The ability to use solar energy and introduce it into biospheric processes determines the ʼʼʼʼʼʼ role of green plants, about which the great Russian physiologist K.A. Timiryazev.

The process of photosynthesis is a very complex system of spatial and temporal organization. The use of high-speed methods of pulsed analysis made it possible to establish that the process of photosynthesis includes reactions of different rates - from 10 -15 s (energy absorption and migration processes occur in the femtosecond time interval) to 10 4 s (formation of photosynthesis products). The photosynthetic apparatus includes structures with sizes from 10 -27 m 3 on the lower molecular level up to 10 5 m 3 at the level of crops.

Concept of photosynthesis. The whole complex set of reactions that make up the process of photosynthesis should be represented by a schematic diagram, which displays the main stages of photosynthesis and their essence. In the modern scheme of photosynthesis, four stages can be distinguished, which differ in the nature and rate of reactions, as well as in the meaning and essence of the processes occurring at each stage:

Stage I - physical. It includes reactions of photophysical nature of the absorption of energy by pigments (P), its storage in the form of electronic excitation energy (P *) and migration to the reaction center (RC). All reactions are extremely fast and proceed at a rate of 10 -15 - 10 -9 s. Primary reactions of energy absorption are localized in light-harvesting antenna complexes (LSCs).

Stage II - photochemical. Reactions are localized in reaction centers and proceed at a rate of 10 -9 s. At this stage of photosynthesis, the energy of the electronic excitation of the pigment (P (RC)) of the reaction center is used to separate charges. In this case, an electron with a high energy potential is transferred to the primary acceptor A, and the resulting system with separated charges (P (RC) - A) contains a certain amount of energy already in chemical form. The oxidized pigment P (RC) restores its structure due to the oxidation of the donor (D).

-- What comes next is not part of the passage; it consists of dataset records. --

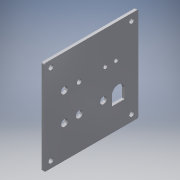
# Autodesk Inventor part: PP-LAS-0001
Saved by Autodesk Inventor 2018.3 (Build 223284000, 284)
## iProperties
Created: 2021-05-05
Part Number: PP-LAS-0001
Material: Plástico ABS
Document SubType Name: Modeling
Designer: L.Aguerre
Density: 1.06 g/cm^3
Appearance: Suave - Blanco
Description: FRENTE DE PANEL SERIGRAFIADO
Author: laguerre
Autodesk Inventor part; units mm, degrees
ref_plane "YZ Plane" through (0, 0, 0) normal (1, 0, 0) x (0, 1, 0)
ref_plane "XZ Plane" through (0, 0, 0) normal (0, 1, 0) x (-1, 0, 0)
ref_plane "XY Plane" through (0, 0, 0) normal (0, 0, 1) x (1, 0, 0)
sketch "Boceto39" plane through (0, 0, 0) normal (0, 0, 1) x (1, 0, 0)
  line L0 (-34, 35) -> (34, 35)
  line L1 (35, 34) -> (35, -34)
  line L2 (34, -35) -> (-34, -35)
  line L3 (-35, -34) -> (-35, 34)
  arc A0 (-34, 35) -> (-35, 34) centre (-34, 34) ccw
  arc A1 (35, 34) -> (34, 35) centre (34, 34) ccw
  arc A2 (34, -35) -> (35, -34) centre (34, -34) ccw
  arc A3 (-35, -34) -> (-34, -35) centre (-34, -34) ccw
  point P0 (0, 0)
  point P1 (0, 35)
  point P2 (-35, 0)
  dimension "d373" = 70
  dimension "d374" = 70
  dimension "d375" = 1
  constraints: 8 end point, 8 point on circle, 8 tangent, 4 centre point, 3 equal radius, 2 midpoint, 2 parallel, 1 horizontal, 1 horizontal alignment, 1 perpendicular, 1 vertical alignment
  measures "d373" distance between parallel lines of L1 L3
  measures "d374" distance between parallel lines of L2 L0
  measures "d375" radius of A0
extrude "Extrusión13" add sketch "Boceto39" along normal blind 2
sketch "Boceto43" plane through (0, 0, 2) normal (0, 0, 1) x (1, 0, 0)
  line L0 (-30, 30) -> (30, 30) construction
  line L1 (30, 30) -> (30, -30) construction
  line L2 (30, -30) -> (-30, -30) construction
  line L3 (-30, -30) -> (-30, 30) construction
  point P0 (0, 0)
  point P1 (0, 30)
  point P2 (-30, 0)
  dimension "d402" = 60
  constraints: 8 end point, 2 coincident, 2 midpoint, 2 parallel, 2 perpendicular, 1 horizontal, 1 horizontal alignment, 1 point on line, 1 vertical alignment
  measures "d402" distance of L0.start L0.end
hole "Agujero2" at (30, 30, 2) at (30, -30, 2) at (-30, -30, 2) at (-30, 30, 2) direction (0, 0, -1) diameter 3.5 depth 8 tip angle 118
sketch "Boceto40" plane through (0, 0, 2) normal (0, 0, 1) x (1, 0, 0)
  line L0 (-25, 0) -> (-4, 0)
  line L1 (-2, -2) -> (-2, -18)
  line L2 (-4, -20) -> (-25, -20)
  line L3 (-27, -18) -> (-27, -2)
  line L4 (4, 0) -> (25, 0)
  line L5 (27, -2) -> (27, -18)
  line L6 (25, -20) -> (4, -20)
  line L7 (2, -18) -> (2, -2)
  line L8 (-25, 20) -> (25, 20)
  line L9 (27, 18) -> (27, 5)
  line L10 (25, 3) -> (-25, 3)
  line L11 (-27, 5) -> (-27, 18)
  arc A0 (-27, -18) -> (-25, -20) centre (-25, -18) ccw
  arc A1 (-4, -20) -> (-2, -18) centre (-4, -18) ccw
  arc A2 (-2, -2) -> (-4, 0) centre (-4, -2) ccw
  arc A3 (-25, 0) -> (-27, -2) centre (-25, -2) ccw
  arc A4 (4, 0) -> (2, -2) centre (4, -2) ccw
  arc A5 (2, -18) -> (4, -20) centre (4, -18) ccw
  arc A6 (25, -20) -> (27, -18) centre (25, -18) ccw
  arc A7 (27, -2) -> (25, 0) centre (25, -2) ccw
  line L12 (-34, -35) -> (34, -35) projected
  arc A8 (-27, 5) -> (-25, 3) centre (-25, 5) ccw
  arc A9 (-25, 20) -> (-27, 18) centre (-25, 18) ccw
  arc A10 (27, 18) -> (25, 20) centre (25, 18) ccw
  arc A11 (25, 3) -> (27, 5) centre (25, 5) ccw
  line L13 (25, 19.7) -> (-25, 19.7)
  arc A12 (-25, 19.7) -> (-26.7, 18) centre (-25, 18) ccw
  line L14 (-26.7, 18) -> (-26.7, 5)
  arc A13 (-26.7, 5) -> (-25, 3.3) centre (-25, 5) ccw
  line L15 (-25, 3.3) -> (25, 3.3)
  arc A14 (25, 3.3) -> (26.7, 5) centre (25, 5) ccw
  line L16 (26.7, 5) -> (26.7, 18)
  arc A15 (26.7, 18) -> (25, 19.7) centre (25, 18) ccw
  line L17 (-4, -0.3) -> (-25, -0.3)
  arc A16 (-25, -0.3) -> (-26.7, -2) centre (-25, -2) ccw
  line L18 (-26.7, -2) -> (-26.7, -18)
  arc A17 (-26.7, -18) -> (-25, -19.7) centre (-25, -18) ccw
  line L19 (-25, -19.7) -> (-4, -19.7)
  arc A18 (-4, -19.7) -> (-2.3, -18) centre (-4, -18) ccw
  line L20 (-2.3, -18) -> (-2.3, -2)
  arc A19 (-2.3, -2) -> (-4, -0.3) centre (-4, -2) ccw
  line L21 (25, -0.3) -> (4, -0.3)
  arc A20 (4, -0.3) -> (2.3, -2) centre (4, -2) ccw
  line L22 (2.3, -2) -> (2.3, -18)
  arc A21 (2.3, -18) -> (4, -19.7) centre (4, -18) ccw
  line L23 (4, -19.7) -> (25, -19.7)
  arc A22 (25, -19.7) -> (26.7, -18) centre (25, -18) ccw
  line L24 (26.7, -18) -> (26.7, -2)
  arc A23 (26.7, -2) -> (25, -0.3) centre (25, -2) ccw
  point P0 (0, 0)
  point P1 (-27, 0)
  point P2 (-2, -20)
  point P3 (-27, -20)
  point P4 (27, -20)
  point P5 (2, -20)
  point P6 (0, 20)
  dimension "d378" = 2
  dimension "d379" = 2
  dimension "d380" = 25
  dimension "d381" = 25
  dimension "d382" = 20
  dimension "d383" = 2
  dimension "d385" = 3
  dimension "d386" = 2
  dimension "d387" = 17
  dimension "d388" = 0.3
  dimension "d389" = 0.3
  dimension "d390" = 0.3
  dimension "d477" = 20
  constraints: 48 end point, 48 point on circle, 24 centre point, 24 tangent, 12 parallel, 10 equal radius, 10 point on line, 6 perpendicular, 3 collinear, 3 horizontal, 1 midpoint, 1 vertical alignment, 21 other
  measures "d378" distance from line of point (0, 0) L1
  measures "d379" distance from line of point (0, 0) L7
  measures "d380" distance of point (-2, -20) point (-27, -20)
  measures "d381" distance of point (27, -20) point (2, -20)
  measures "d382" distance of point (-27, -20) point (-27, 0)
  measures "d383" radius of A0
  measures "d385" distance between parallel lines of L10 L0
  measures "d386" radius of A8
  measures "d387" distance between parallel lines of L8 L10
  measures "d388" distance between parallel lines of L15 L10
  measures "d389" distance between parallel lines of L4 L21
  measures "d390" distance between parallel lines of L0 L17
  measures "d477" distance from line of L6 point (0, 0)
extrude "Extrusión14" add sketch "Boceto40" along normal blind 0.001
sketch "Boceto41" plane through (0, 0, 2) normal (0, 0, 1) x (1, 0, 0)
  circle A0 centre (-20, -10.7) radius 5 construction
  line L0 (-34, -35) -> (34, -35) projected
  line L1 (-35, 34) -> (-35, -34) projected
  circle A1 centre (-9, -10.7) radius 2.5
  line L2 (-20, -10.7) -> (-9, -10.7) construction
  line L3 (-4, -19.7) -> (-25, -19.7) projected
  circle A2 centre (9, -10.7) radius 2.5
  circle A3 centre (20, -10.7) radius 2.5
  line L4 (25, -19.7) -> (4, -19.7) projected
  circle A4 centre (-18.5, 10.3) radius 1.5
  circle A5 centre (-10.5, 10.3) radius 1.5
  line L5 (-18.5, 10.3) -> (-10.5, 10.3) construction
  line L6 (25, 3.3) -> (-25, 3.3) projected
  circle A6 centre (20, 10.3) radius 2.5
  circle A7 centre (9, 10.3) radius 1.75
  line L7 (9, -10.7) -> (20, -10.7) construction
  line L8 (9, 10.3) -> (20, 10.3) construction
  line L9 (-24.7, -10.7) -> (-24.7, -17.7)
  line L10 (-24.7, -17.7) -> (-15.3, -17.7)
  line L11 (-15.3, -17.7) -> (-15.3, -10.7)
  arc A8 (-15.3, -10.7) -> (-24.7, -10.7) centre (-20, -10.7) ccw
  line L12 (-20, -6) -> (-22.9713, -6) construction
  point P0 (0, 0)
  point P1 (-14.5, -10.7)
  point P2 (-14.5, -19.7)
  point P3 (-14.5, 10.3)
  point P4 (14.5, -10.7)
  point P5 (14.5, -19.7)
  point P6 (14.5, 10.3)
  point P7 (-20, -17.7)
  dimension "d393" = 10
  dimension "d396" = 5
  dimension "d397" = 11
  dimension "d399" = 11
  dimension "d410" = 9
  dimension "d415" = 3
  dimension "d416" = 7
  dimension "d417" = 8
  dimension "d418" = 3.5
  dimension "d419" = 11
  dimension "d474" = 9.4
  dimension "d475" = 7
  dimension "d476" = 4.7
  constraints: 16 end point, 9 centre point, 7 midpoint, 5 horizontal, 5 horizontal alignment, 5 vertical alignment, 4 equal radius, 3 point on circle, 3 tangent, 2 perpendicular, 1 coincident, 1 vertical
  measures "d393" diameter of A0
  measures "d396" diameter of A1
  measures "d397" distance of L2.start L2.end
  measures "d399" distance of L7.end L7.start
  measures "d410" distance between parallel lines of L2 L3
  measures "d415" diameter of A5
  measures "d416" distance between parallel lines of L5 L6
  measures "d417" distance of L5.start L5.end
  measures "d418" diameter of A7
  measures "d419" distance of L8.end L8.start
  measures "d474" distance of L9.end L10.end
  measures "d475" distance from line of L2.start L10
  measures "d476" distance from line of L2.start L12
extrude "Extrusión15" cut sketch "Boceto41" against normal blind 2
sketch "Boceto42" plane through (0, 0, 2) normal (0, 0, 1) x (1, 0, 0)
  line L0 (-19.9009, -2.7) -> (-1.3327, -2.7) construction
  line L1 (-1.3327, -2.7) -> (-1.3327, -6.6561) construction
  line L2 (-1.3327, -6.6561) -> (-19.9009, -6.6561) construction
  line L3 (-19.9009, -6.6561) -> (-19.9009, -2.7) construction
  line L4 (-11.8025, -15.7) -> (-8.1255, -15.7) construction
  line L5 (-8.1255, -15.7) -> (-8.1255, -16.9024) construction
  line L6 (-8.1255, -16.9024) -> (-11.8025, -16.9024) construction
  line L7 (-11.8025, -16.9024) -> (-11.8025, -15.7) construction
  line L8 (6.4191, -2.7) -> (25.511, -2.7) construction
  line L9 (25.511, -2.7) -> (25.511, -5.9558) construction
  line L10 (25.511, -5.9558) -> (6.4191, -5.9558) construction
  line L11 (6.4191, -5.9558) -> (6.4191, -2.7) construction
  line L12 (7.0108, -15.7) -> (12.5482, -15.7) construction
  line L13 (12.5482, -15.7) -> (12.5482, -16.8686) construction
  line L14 (12.5482, -16.8686) -> (7.0108, -16.8686) construction
  line L15 (7.0108, -16.8686) -> (7.0108, -15.7) construction
  line L16 (17.6981, -15.7) -> (23.2355, -15.7) construction
  line L17 (23.2355, -15.7) -> (23.2355, -15.9466) construction
  line L18 (23.2355, -15.9466) -> (17.6981, -15.9466) construction
  line L19 (17.6981, -15.9466) -> (17.6981, -15.7) construction
  circle A0 centre (9, -10.7) radius 2.5 projected
  line L20 (-18.1999, 5.1784) -> (-18.1999, 6.3) construction
  line L21 (-18.1999, 6.3) -> (-6.5736, 6.3) construction
  line L22 (-6.5736, 6.3) -> (-6.5736, 5.1784) construction
  line L23 (-6.5736, 5.1784) -> (-18.1999, 5.1784) construction
  line L24 (6.4525, 5.7678) -> (6.4525, 6.3) construction
  line L25 (6.4525, 6.3) -> (10.1295, 6.3) construction
  line L26 (10.1295, 6.3) -> (10.1295, 5.7678) construction
  line L27 (10.1295, 5.7678) -> (6.4525, 5.7678) construction
  circle A1 centre (-18.5, 10.3) radius 1.5 projected
  line L28 (-22.5122, 16.6992) -> (-6.3487, 16.6992) construction
  line L29 (-6.3487, 16.6992) -> (-6.3487, 14.435) construction
  line L30 (-6.3487, 14.435) -> (-22.5122, 14.435) construction
  line L31 (-22.5122, 14.435) -> (-22.5122, 16.6992) construction
  line L32 (6.7652, 14.2645) -> (6.7652, 16.6992) construction
  line L33 (6.7652, 16.6992) -> (24.191, 16.6992) construction
  line L34 (24.191, 16.6992) -> (24.191, 14.2645) construction
  line L35 (24.191, 14.2645) -> (6.7652, 14.2645) construction
  line L36 (17.5924, 5.1479) -> (17.5924, 6.3) construction
  line L37 (17.5924, 6.3) -> (21.2695, 6.3) construction
  line L38 (21.2695, 6.3) -> (21.2695, 5.1479) construction
  line L39 (21.2695, 5.1479) -> (17.5924, 5.1479) construction
  point P0 (0, 0)
  dimension "d411" = 5
  dimension "d412" = 8
  dimension "d420" = 4
  constraints: 6 collinear, 20 other
  measures "d411" distance from line of A0.centre L12
  measures "d412" distance from line of L8 A0.centre
  measures "d420" distance from line of A1.centre L21
sketch "Boceto44" plane through (0, 0, 2) normal (0, 0, 1) x (1, 0, 0)
  line L0 (34, 35) -> (-34, 35) projected
  line L1 (25, 20) -> (-25, 20) projected
  line L2 (-2.9167, 30) -> (2.9167, 30) construction
  line L3 (2.9167, 30) -> (2.9167, 24) construction
  line L4 (2.9167, 24) -> (-2.9167, 24) construction
  line L5 (-2.9167, 24) -> (-2.9167, 30) construction
  line L6 (-2.9167, 26.5) -> (-1.6167, 26.5)
  line L7 (-1.6167, 26.5) -> (-1.6167, 25.5)
  line L8 (-1.6167, 25.5) -> (-2.9167, 25.5)
  line L9 (-2.9167, 25.5) -> (-2.9167, 26.5)
  line L10 (-1.5167, 25.5) -> (-0.5167, 25.5)
  line L11 (-0.5167, 25.5) -> (-0.5167, 24)
  line L12 (-0.5167, 24) -> (-1.5167, 24)
  line L13 (-1.5167, 24) -> (-1.5167, 25.5)
  line L14 (-0.4167, 25.5) -> (1.6833, 25.5)
  line L15 (1.6833, 25.5) -> (2.9167, 26.7333)
  line L16 (2.9167, 26.7333) -> (2.9167, 28.7667)
  line L17 (2.9167, 28.7667) -> (1.6833, 30)
  line L18 (1.6833, 30) -> (-0.2833, 30)
  line L19 (-1.5167, 28.7667) -> (-0.2833, 30)
  line L20 (-1.5167, 28.7667) -> (-1.5167, 26.5)
  line L21 (-0.5167, 26.5) -> (-1.5167, 26.5)
  line L22 (-0.4167, 26.5) -> (1.2691, 26.5)
  line L23 (1.2691, 26.5) -> (1.9167, 27.1475)
  line L24 (1.9167, 27.1475) -> (1.9167, 28.3525)
  line L25 (1.9167, 28.3525) -> (1.2691, 29)
  line L26 (1.2691, 29) -> (0.1309, 29)
  line L27 (0.1309, 29) -> (-0.5167, 28.3525)
  line L28 (-0.5167, 28.3525) -> (-0.5167, 26.5)
  line L29 (-0.4167, 26.5) -> (-0.4167, 25.5)
  point P0 (0, 0)
  point P1 (0, 35)
  point P2 (0, 35)
  point P3 (0, 30)
  dimension "d449" = 5
  dimension "d450" = 6
  dimension "d451" = 1
  dimension "d452" = 3.5
  dimension "d453" = 1.3
  dimension "d454" = 1
  dimension "d455" = 0.1
  dimension "d457" = 45
  dimension "d461" = 0.1
  dimension "d463" = 1
  dimension "d464" = 1
  dimension "d465" = 1
  dimension "d466" = 1
  dimension "d467" = 1
  dimension "d468" = 4.6
  constraints: 48 end point, 8 perpendicular, 7 parallel, 6 collinear, 6 point on line, 4 horizontal, 3 midpoint, 3 vertical, 1 vertical alignment, 2 other
  measures "d449" distance between parallel lines of L0 L2
  measures "d450" distance of L2.end L3.end
  measures "d451" distance between parallel lines of L8 L6
  measures "d452" distance between parallel lines of L2 L6
  measures "d453" distance of L7.end L8.end
  measures "d454" distance between parallel lines of L13 L11
  measures "d455" distance between parallel lines of L7 L13
  measures "d457" angle of L23 L22
  measures "d461" distance between parallel lines of L29 L11
  measures "d463" distance between parallel lines of L15 L23
  measures "d464" distance between parallel lines of L19 L27
  measures "d465" distance between parallel lines of L2 L26
  measures "d466" distance between parallel lines of L16 L24
  measures "d467" distance between parallel lines of L17 L25
  measures "d468" distance from line of L5 L14.end
sketch "Boceto45" plane through (0, 0, 2) normal (0, 0, 1) x (1, 0, 0)
  line L0 (-14.5048, -25.2952) -> (14.5048, -25.2952) construction
  line L1 (14.5048, -25.2952) -> (14.5048, -27.5438) construction
  line L2 (14.5048, -27.5438) -> (-14.5048, -27.5438) construction
  line L3 (-14.5048, -27.5438) -> (-14.5048, -25.2952) construction
  line L4 (-34, -35) -> (34, -35) projected
  point P0 (0, 0)
  point P1 (0, -25.2952)
  constraints: 1 midpoint, 1 vertical alignment, 2 other

The transformation of one type of energy into another occurring in the reaction center is the central event of the photosynthesis process, which requires severe conditions for the structural organization of the system. Today, molecular models of reaction centers in plants and bacteria are mostly known. Their similarity in structural organization was established, which indicates a high degree of conservatism of the primary processes of photosynthesis.

The primary products formed at the photochemical stage (P * , A -) are very labile, and the electron can return to the oxidized pigment P * (recombination process) with a useless loss of energy. For this reason, rapid further stabilization of the formed reduced products with a high energy potential is necessary, which is carried out at the next, III stage of photosynthesis.

Stage III - electron transport reactions. A chain of carriers with different redox potential (E n ) forms the so-called electron transport chain (ETC). The redox components of ETC are organized in chloroplasts in the form of three basic functional complexes - photosystem I (PSI), photosystem II (PSII), cytochrome b 6 f-complex, which provides a high speed of the electron flow and the possibility of its regulation. As a result of the work of the ETC, highly reduced products are formed: reduced ferredoxin (PD restore) and NADPH, as well as energy-rich ATP molecules, which are used in the dark reactions of CO 2 reduction that make up the IV stage of photosynthesis.

Stage IV - "dark" reactions of absorption and reduction of carbon dioxide. The reactions take place with the formation of carbohydrates, the end products of photosynthesis, in the form of which the solar energy is stored, absorbed and converted in the "light" reactions of photosynthesis. The speed of ʼʼdarkʼʼ enzymatic reactions is 10 -2 - 10 4 s.

Τᴀᴋᴎᴍ ᴏϬᴩᴀᴈᴏᴍ, the entire course of photosynthesis is carried out through the interaction of three flows - energy flow, electron flow and carbon flow. The conjugation of the three streams requires precise coordination and regulation of their constituent reactions.

The total equation of photosynthesis - the concept and types. Classification and features of the category "Total equation of photosynthesis" 2017, 2018.